Data frame of trait values with tip rownames.

formula

Model formula, e.g. cbind(y1, y2) ~ x.

min_descendant_tips

Integer minimum tips per candidate shift.

num_cores

Integer, cores for parallel search.

ic_uncertainty_threshold

Numeric, IC change threshold.

shift_acceptance_threshold

Numeric, acceptance cutoff.

uncertaintyweights

Numeric vector of weights.

uncertaintyweights_par

List of parameters for weights.

plot

Logical, produce plots during search.

IC

Character, information criterion, e.g. "BIC".

store_model_fit_history

Logical, keep fit history.

...

Passed to mvgls internally.

Value

A named list with (at minimum):

  • user_input: captured call (as a list) for reproducibility.

  • tree_no_uncertainty_transformed: SIMMAP tree from the optimal (no-uncertainty) model on the transformed scale used internally by mvgls.

  • tree_no_uncertainty_untransformed: same topology with original edge lengths restored.

  • model_no_uncertainty: the final mvgls model object.

  • shift_nodes_no_uncertainty: integer vector of accepted shift nodes.

  • optimal_ic: final IC value; baseline_ic: baseline IC.

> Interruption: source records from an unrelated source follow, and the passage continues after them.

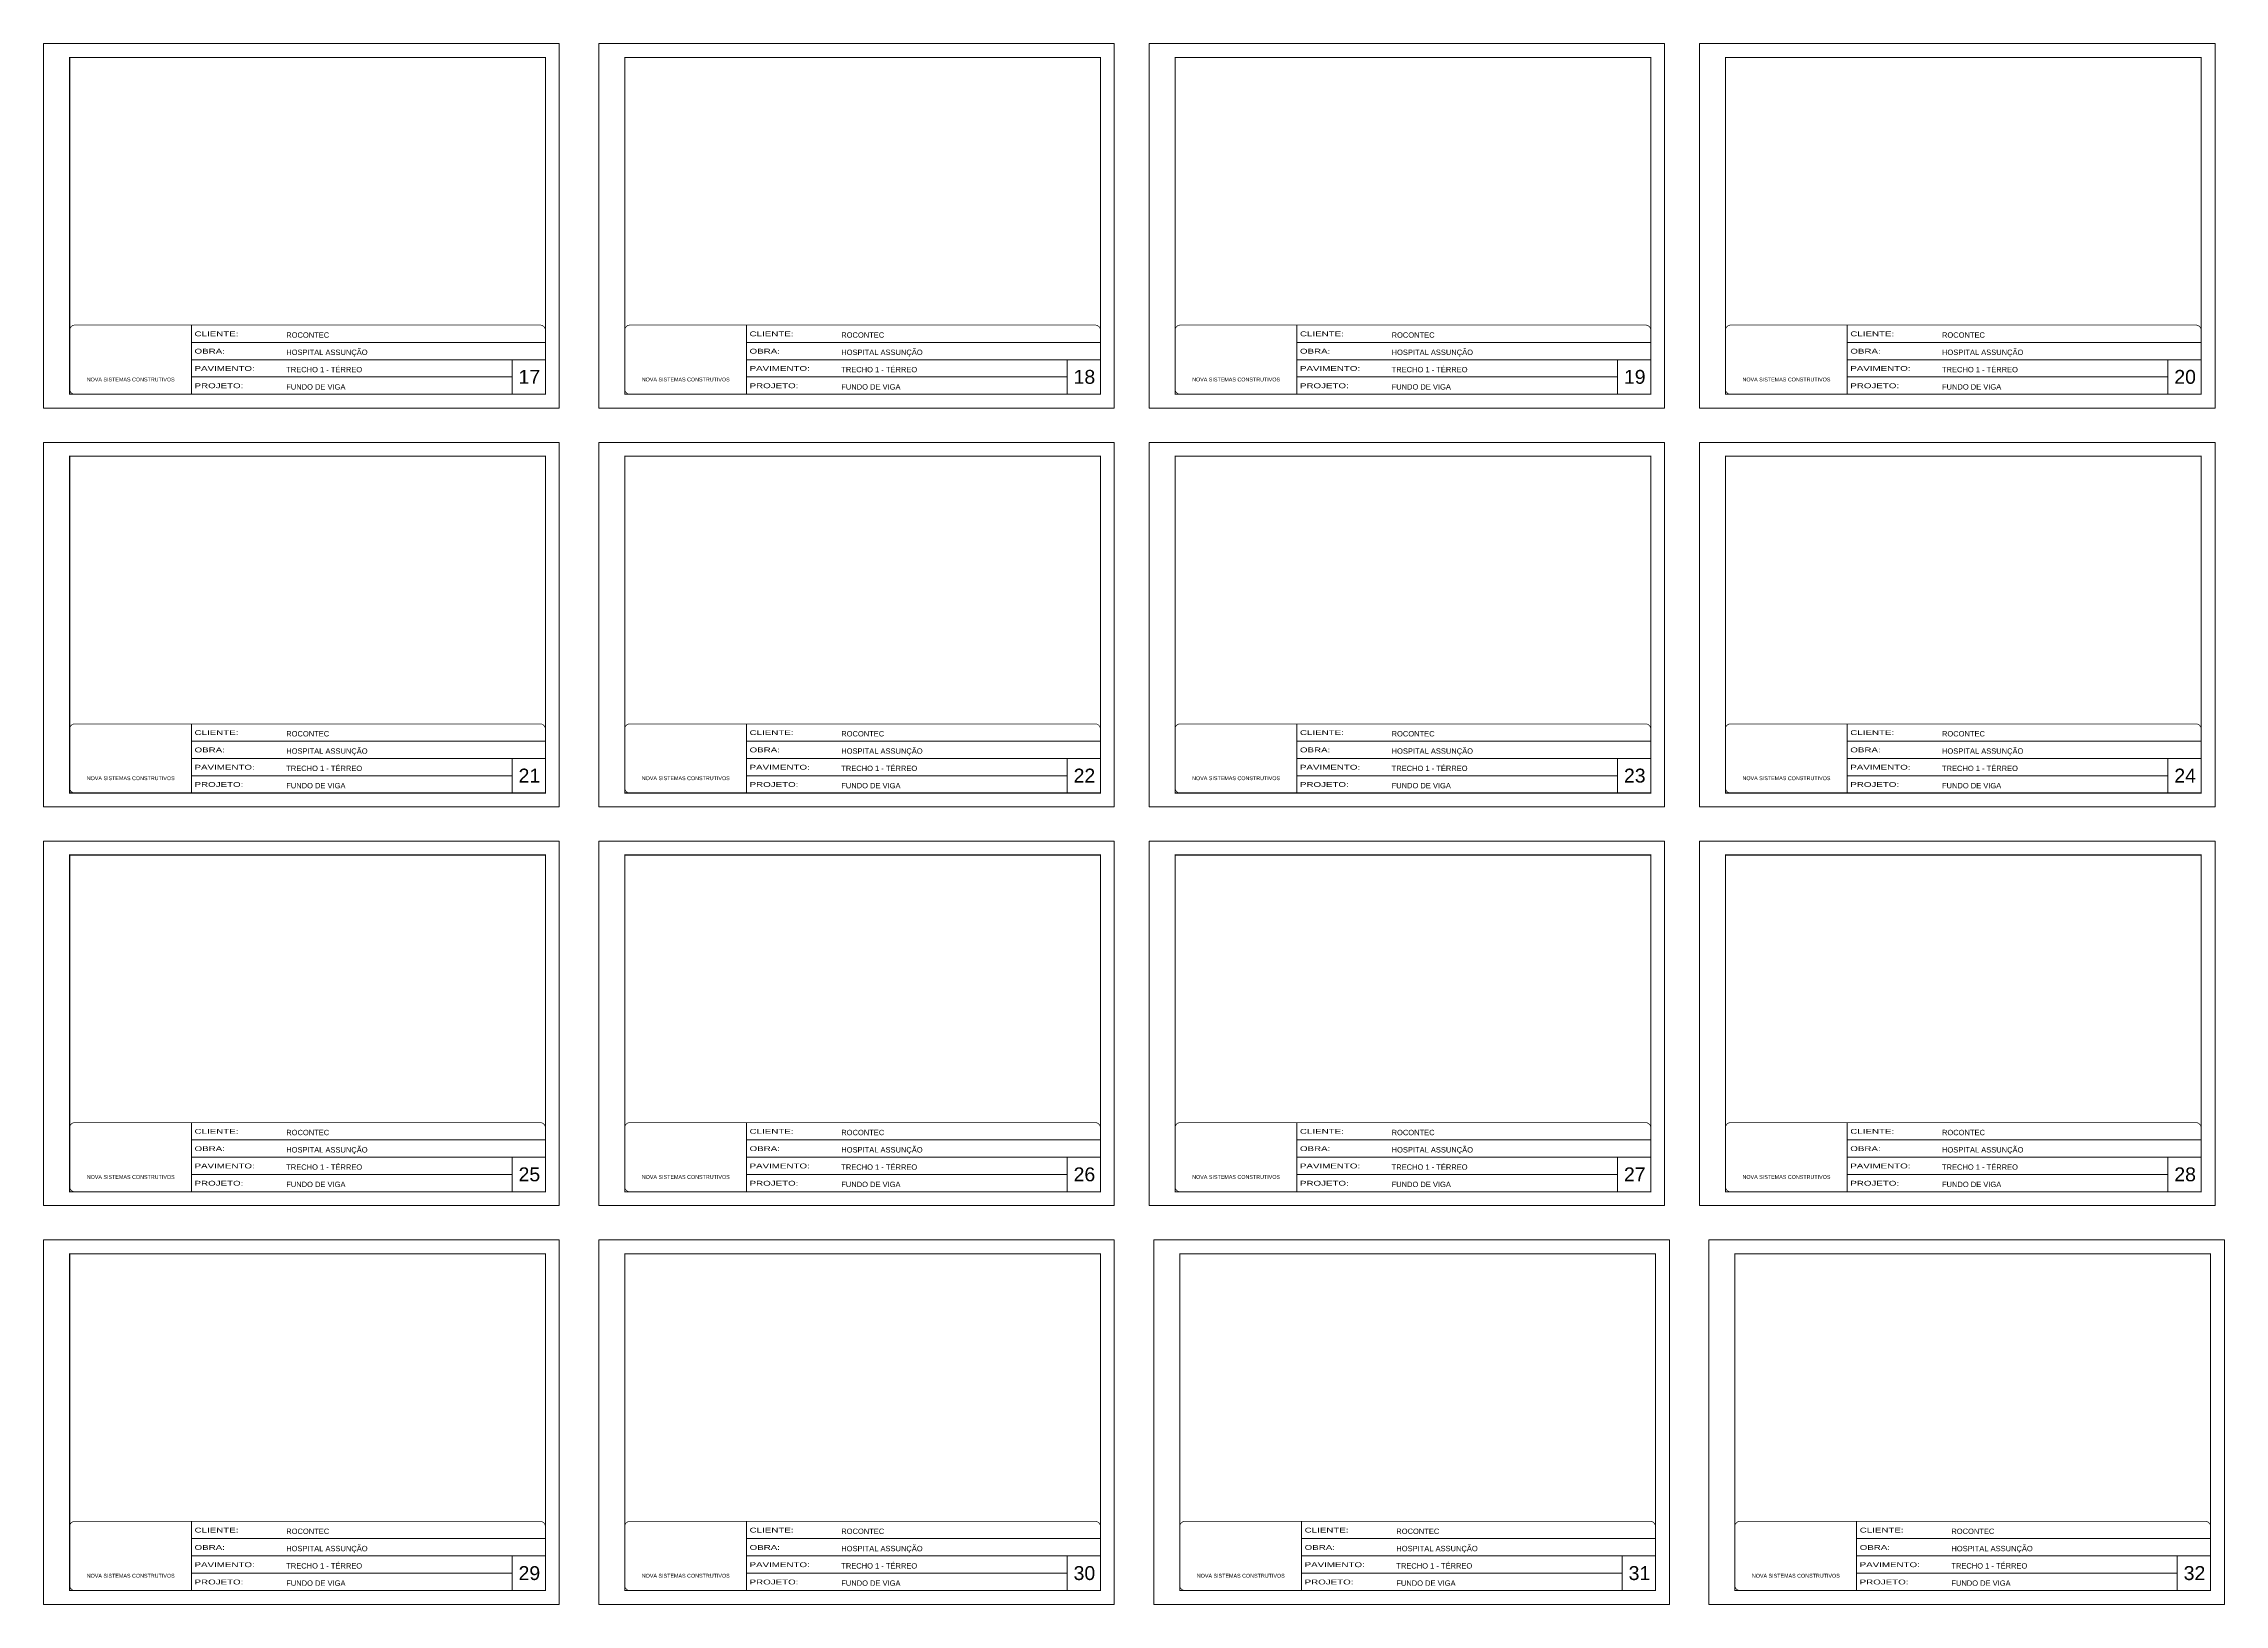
# Model space of a CAD drawing. Extents: x 3171 to 9452, y -2838 to 6252.
# Drawn here: x 3171 to 9452, y -2838 to 1658 of the extents above; entities that cross this region are included whole.
import ezdxf

# ---------------------------------------------------------------- set-up
doc = ezdxf.new("R2010")
doc.units = 0
doc.linetypes.add('CONTINUO', pattern=[0])
doc.linetypes.add('DASHED', pattern=[0.75, 0.5, -0.25])
for name, color, linetype, lineweight in [('CARIMBO', 255, 'Continuous', 9), ('Folhas', 255, 'Continuous', 9), ('SARRAFO DE PRESSAO', 251, 'DASHED', 9)]:
    doc.layers.add(name, color=color, linetype=linetype, lineweight=lineweight)
doc.styles.add('ARIAL', font='arial.ttf')
doc.styles.add('Tecnologia', font='')
doc.styles.get('Tecnologia').set_extended_font_data('Forgotten Futurist')

# ---------------------------------------------------------------- blocks, each defined once
blk = doc.blocks.new('9999999999')
at = {"color": 30, "linetype": 'CONTINUO'}
for p, q in [((98564.6, 34230.2), (98564.6, 34429.4)), ((98564.6, 34379.6), (99584, 34379.6)), ((98564.6, 34329.8), (99488, 34329.8)), ((99584, 34329.8), (99488, 34329.8)), ((99488, 34329.8), (99488, 34230.2)), ((98564.6, 34280), (99488, 34280))]:
    blk.add_line(p, q, dxfattribs=at)
at = {"color": 30, "linetype": 'CONTINUO', "const_width": 2}
blk.add_lwpolyline([(99584, 34230.2), (99584, 34414.4, 0.414214), (99569, 34429.4), (98229, 34429.4, 0.414214), (98214, 34414.4), (98214, 34245.2, 0.414214), (98229, 34230.2), (99584, 34230.2)], format="xyb", dxfattribs=at)
at = {"layer": 'Folhas'}
blk.add_lwpolyline([(98139, 34190.2), (99624, 34190.2), (99624, 35240.2), (98139, 35240.2)], close=True, dxfattribs=at)
at = {"layer": 'Folhas', "color": 30, "const_width": 3}
blk.add_lwpolyline([(98214, 34230.2), (99584, 34230.2), (99584, 35200.2), (98214, 35200.2)], close=True, dxfattribs=at)
at = {"color": 7, "linetype": 'Continuous', "ltscale": 5, "style": 'ARIAL'}
for s, height, p in [('ROCONTEC', 15.48, (98837.7, 34393.1)), ('HOSPITAL ASSUNÇÃO', 15.483, (98837.7, 34343.3)), ('TRECHO 1 - TÉRREO', 15.483, (98837.7, 34293.5)), ('NOVA SISTEMAS CONSTRUTIVOS', 11.059, (98263.2, 34267.2)), ('FUNDO DE VIGA', 15.483, (98837.7, 34243.7))]:
    blk.add_text(s, height=height, dxfattribs=at).set_placement(p)
at = {"layer": 'Folhas', "color": 7, "style": 'Tecnologia', "width": 1.5}
for s, p in [('OBRA:', (98573.7, 34347.3)), ('CLIENTE:', (98573.7, 34397.2)), ('PAVIMENTO:', (98573.7, 34297.5)), ('PROJETO:', (98573.7, 34247.7))]:
    blk.add_text(s, height=14, dxfattribs=at).set_placement(p)

msp = doc.modelspace()

# ---------------------------------------------------------------- block references
at = {"layer": 'SARRAFO DE PRESSAO', "color": 6, "linetype": 'ByBlock'}
for p in [(-94967.79, -33582.18), (-93369.29, -33582.18), (-91784.29, -33582.18), (-90199.29, -33582.18), (-94967.79, -34730.76), (-93369.29, -34730.76), (-91784.29, -34730.76), (-90199.29, -34730.76), (-94967.79, -35879.33), (-93369.29, -35879.33), (-91784.29, -35879.33), (-90199.29, -35879.33), (-94967.79, -37027.91), (-93369.29, -37027.91), (-91770.79, -37027.91), (-90172.29, -37027.91)]:
    msp.add_blockref('9999999999', p, dxfattribs=at)

# ---------------------------------------------------------------- texts
at = {"layer": 'CARIMBO', "style": 'ARIAL'}
for s, p in [('17', (4539.05, 678.17)), ('18', (6137.55, 678.17)), ('19', (7722.55, 678.17)), ('20', (9307.55, 678.17)), ('21', (4539.05, -470.41)), ('22', (6137.55, -470.41)), ('23', (7722.55, -470.41)), ('24', (9307.55, -470.41)), ('25', (4539.05, -1618.98)), ('26', (6137.55, -1618.98)), ('27', (7722.55, -1618.98)), ('28', (9307.55, -1618.98)), ('29', (4539.05, -2767.56)), ('30', (6137.55, -2767.56)), ('31', (7736.05, -2767.56)), ('32', (9334.55, -2767.56))]:
    msp.add_text(s, height=40, dxfattribs=at).set_placement(p)

doc.saveas('drawing.dxf')

  • IC_used: "GIC" or "BIC"; num_candidates: count of candidate one-shift models evaluated.

  • model_fit_history: if store_model_fit_history = TRUE, a list of per-iteration fits and an ic_acceptance_matrix (IC value and acceptance flag per step).

  • VCVs: named list of regime-specific VCV matrices extracted from the final model (penalized-likelihood estimates if PL was used).

Additional components appear conditionally:

  • ic_weights: a data.frame of per-shift IC weights and evidence ratios when uncertaintyweights or uncertaintyweights_par is TRUE.

  • tree_uncertainty_transformed, tree_uncertainty_untransformed,

  • warnings: character vector of warnings/errors encountered during fitting (if any).

Details

Search outline.

  1. Baseline: Fit mvgls on the baseline tree (single regime) to obtain the baseline IC.

  2. Candidates: Build one-shift trees for eligible internal nodes (generatePaintedTrees); fit each with fitMvglsAndExtractGIC.formula or fitMvglsAndExtractBIC.formula (internal helpers; not exported) and rank by \(\Delta\)IC.

  3. Greedy add: Add the top candidate, refit, and accept if \(\Delta\)IC \(\ge\) shift_acceptance_threshold; continue down the ranked list.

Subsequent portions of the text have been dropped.